_Description of the task_
Skip the pictures, please, and write out exactly the lines from the opening of the data through the line containing "# - a fillet or chamfer that".

_Records supplied_
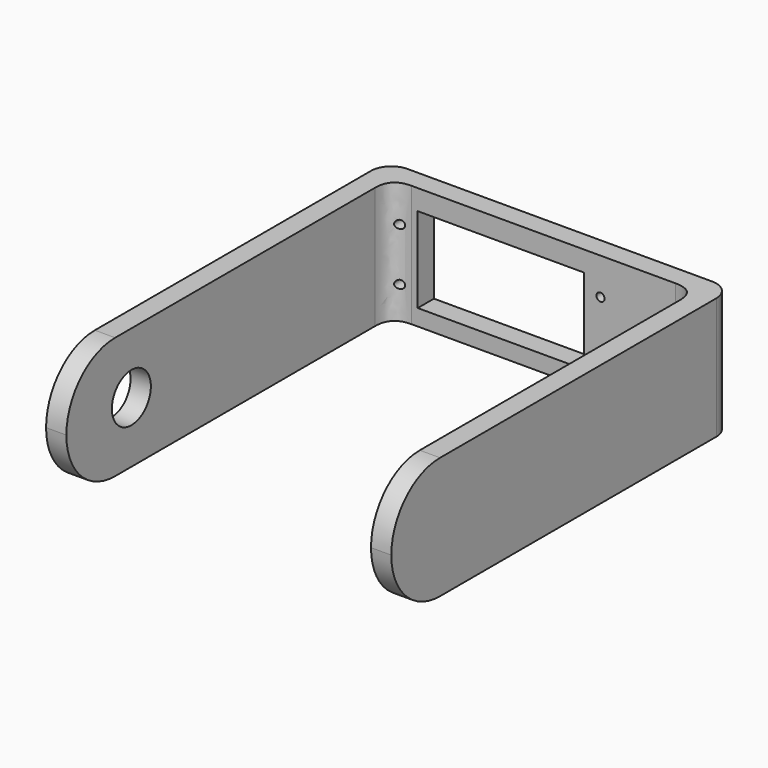
from build123d import *

# Parameters (mm, degrees)
F1_DEPTH    = 30
F3_START    = 37.5
F2_R        = 3.5
F3_DEPTH    = 2.5
F5_START    = -37.5
F4_R        = 6
F5_DEPTH    = 5
F6_R        = 14.99999
F7_R        = 5
F8_T1_DEPTH = 30
F10_START   = -33
F9_W        = 41
F9_H        = 21
F10_DEPTH   = 12
F12_START   = -35
F11_R       = 1
F12_DEPTH   = 10


# Not quite as in the source:
# - a fillet or chamfer that OpenCascade refuses, or shapes differently, is made with other operations: its cross-section is extruded or revolved along the edge and cut away or added
# - a fillet or chamfer is up to 0.001 mm smaller than in the source, because OpenCascade refuses the exact size


with BuildPart() as f1:
    # F0 (on Top) → F1 (new body)
    with BuildSketch(Plane.XY):
        Polygon((-42.5, -62.7966840421), (-37.5, -62.7966840421), (-37.5, 37.2033159579), (37.5, 37.2033159579), (37.5, -62.7966840421), (42.5, -62.7966840421), (42.5, 42.2033159579), (-42.5, 42.2033159579), align=None)
    extrude(amount=F1_DEPTH)

    # F2 (on Right) → F3 (cut)
    with BuildSketch(Plane.YZ.offset(F3_START)):
        with Locations((-42.7966840421, 15)):
            Circle(F2_R)
    extrude(amount=F3_DEPTH, mode=Mode.SUBTRACT)

    # F4 (on Right) → F5 (cut)
    with BuildSketch(Plane.YZ.offset(F5_START)):
        with Locations((-42.7966840421, 15)):
            Circle(F4_R)
    extrude(amount=-F5_DEPTH, mode=Mode.SUBTRACT)

    # F6 (radius 15 in the source; OpenCascade refuses exactly that, so slightly less here)
    f6_edges = [f1.edges().sort_by_distance(p)[0] for p in [
        (40, -62.796684, 30),
        (40, -62.796684, 0),
        (-40, -62.796684, 30),
        (-40, -62.796684, 0),
    ]]
    fillet(f6_edges, radius=F6_R)

    # F7
    f7_edges = [f1.edges().sort_by_distance(p)[0] for p in [
        (-42.5, 42.203316, 15),
        (42.5, 42.203316, 15),
    ]]
    fillet(f7_edges, radius=F7_R)

    # F8: fillet of radius 5 on 2 edges, made by hand

    # F8_s2 → F8_t1 (join)
    with BuildSketch(Plane.XY):
        with BuildLine():
            add(Edge.make_bspline(
                [(-37.5, 32.2033159579), (-37.5, 37.2033159579), (-32.5, 37.2033159579)],
                knots=[0, 0, 0, 1, 1, 1], degree=2, weights=[1, 1, 1]))
            Line((-32.5, 37.2033159579), (-37.5, 37.2033159579))
            Line((-37.5, 37.2033159579), (-37.5, 32.2033159579))
        make_face()
        with BuildLine():
            add(Edge.make_bspline(
                [(32.5, 37.2033159579), (37.5, 37.2033159579), (37.5, 32.2033159579)],
                knots=[0, 0, 0, 1, 1, 1], degree=2, weights=[1, 1, 1]))
            Line((37.5, 32.2033159579), (37.5, 37.2033159579))
            Line((37.5, 37.2033159579), (32.5, 37.2033159579))
        make_face()
    extrude(amount=F8_T1_DEPTH)

    # F9 (on Front) → F10 (cut)
    with BuildSketch(Plane.XZ.offset(F10_START)):
        with Locations((-10.5, 14.5)):
            Rectangle(F9_W, F9_H)
    extrude(amount=-F10_DEPTH, mode=Mode.SUBTRACT)

    # F11 (on Front) → F12 (cut)
    with BuildSketch(Plane.XZ.offset(F12_START)):
        with Locations((14, 21)):
            Circle(F11_R)
        with Locations((14, 8)):
            Circle(F11_R)
        with Locations((-35, 21)):
            Circle(F11_R)
        with Locations((-35, 8)):
            Circle(F11_R)
    extrude(amount=-F12_DEPTH, mode=Mode.SUBTRACT)


solid = f1.part
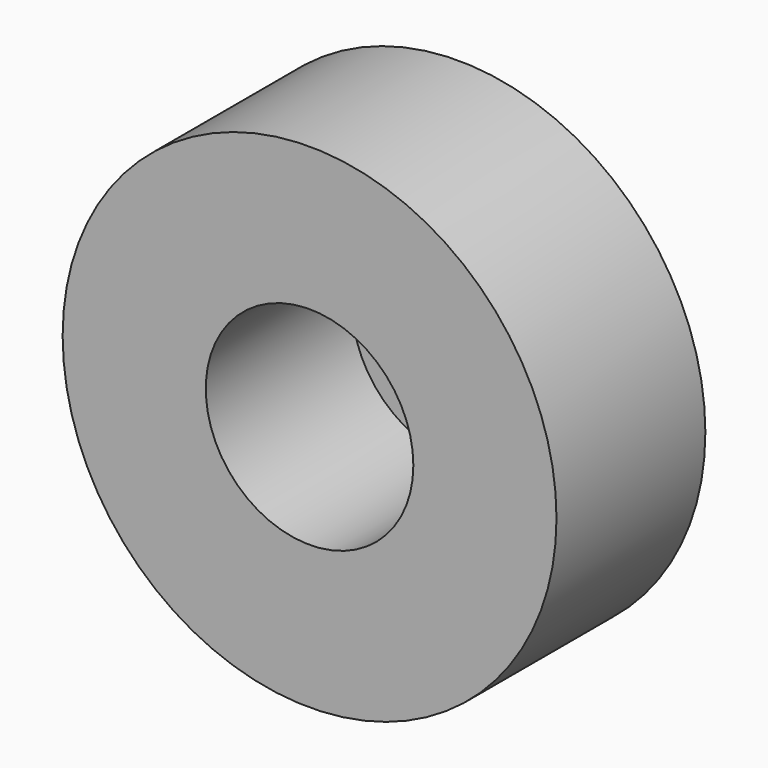
from build123d import *

# Parameters (mm, degrees)
F0_R     = 17.526
F1_DEPTH = 13.208
F2_R     = 7.366
F3_DEPTH = 12.9794


# Not quite as in the source:
# - a feature names something its author has since deleted; it is built from what else it names


with BuildPart() as f1:
    # F0 (on Front) → F1 (new body)
    with BuildSketch(Plane.XZ):
        Circle(F0_R)
    extrude(amount=F1_DEPTH)

    # F2 (on face) → F3 (cut)
    with BuildSketch(Plane.XZ.offset(13.208)):
        Circle(F2_R)
    extrude(amount=-F3_DEPTH, mode=Mode.SUBTRACT)


solid = f1.part

_Result of this task_
from build123d import *

# Parameters (mm, degrees)
F1_DEPTH    = 30
F3_START    = 37.5
F2_R        = 3.5
F3_DEPTH    = 2.5
F5_START    = -37.5
F4_R        = 6
F5_DEPTH    = 5
F6_R        = 14.99999
F7_R        = 5
F8_T1_DEPTH = 30
F10_START   = -33
F9_W        = 41
F9_H        = 21
F10_DEPTH   = 12
F12_START   = -35
F11_R       = 1
F12_DEPTH   = 10


# Not quite as in the source:
# - a fillet or chamfer that OpenCascade refuses, or shapes differently, is made with other operations: its cross-section is extruded or revolved along the edge and cut away or added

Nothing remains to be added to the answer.